From the entries below, gather each line containing the word "Locations".

Records excerpted from a collection
________

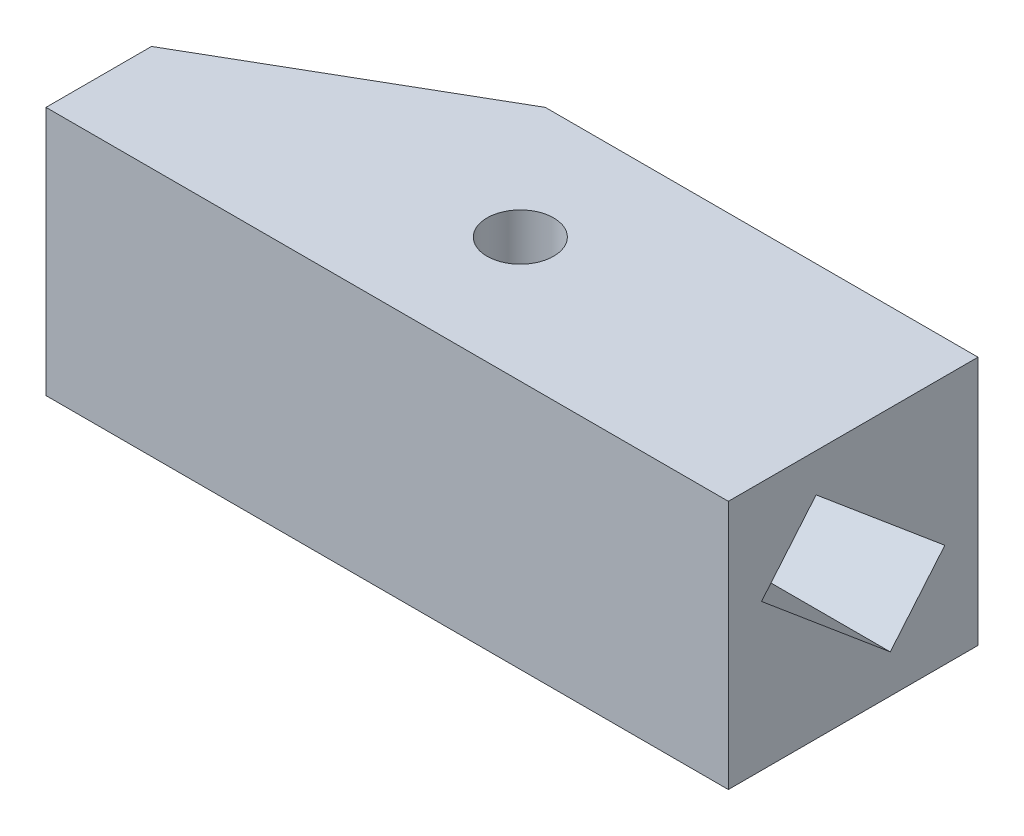
from build123d import *

# Parameters (mm, degrees)
EXTRUDE_1_DEPTH     = 30
SKETCH_2_R          = 4
CUT_EXTRUDE_1_DEPTH = 49.476798574
CUT_EXTRUDE_4_DEPTH = 25
SKETCH1_W           = 30
SKETCH1_H           = 30
BOSS_EXTRUDE1_DEPTH = 27
CHAMFER1_SIZE       = 30
CHAMFER1_SIZE2      = 17.320508076


with BuildPart() as part:
    # Эскиз1 → Бобышка-Вытянуть1 (new body)
    with BuildSketch(Plane(origin=(0, 0, 0), x_dir=(1, 0, 0), z_dir=(0, 1, 0))):
        Polygon((-20, -15), (-35, -15), (-35, 15), (-20, 15), (20, 15), (20, -15), align=None)
    extrude(amount=EXTRUDE_1_DEPTH)

    # Эскиз2 → Вырез-Вытянуть1 (cut, through all)
    with BuildSketch(Plane(origin=(0, 30, 0), x_dir=(1, 0, 0), z_dir=(0, 1, 0))):
        with Locations((-20, 0)):
            Circle(SKETCH_2_R)
    extrude(amount=-CUT_EXTRUDE_1_DEPTH, mode=Mode.SUBTRACT)

    # Эскиз5 → Вырез-Вытянуть4 (cut)
    with BuildSketch(Plane(origin=(20, 0, 0), x_dir=(0, 0, -1), z_dir=(1, 0, 0))):
        Polygon((4.458832066, 4.601018482), (11.015265685, 12.414671802), (-4.458832066, 25.398981518), (-11.015265685, 17.585328198), align=None)
    extrude(amount=-CUT_EXTRUDE_4_DEPTH, mode=Mode.SUBTRACT)

    # Sketch1 → Boss-Extrude1 (add)
    with BuildSketch(Plane.ZY.offset(35)):
        with Locations((0, 15)):
            Rectangle(SKETCH1_W, SKETCH1_H)
    extrude(amount=BOSS_EXTRUDE1_DEPTH)

    # Chamfer1
    chamfer1_edges = [part.edges().sort_by_distance(p)[0] for p in [
        (-62, 15, -15),
    ]]
    chamfer1_side = [part.faces().sort_by_distance(p)[0] for p in [
        (-21, 15, -15),
    ]]
    chamfer(chamfer1_edges, length=CHAMFER1_SIZE, length2=CHAMFER1_SIZE2, reference=chamfer1_side[0])


solid = part.part

________

**Result for this exercise**.
        with Locations((-20, 0)):
        with Locations((0, 15)):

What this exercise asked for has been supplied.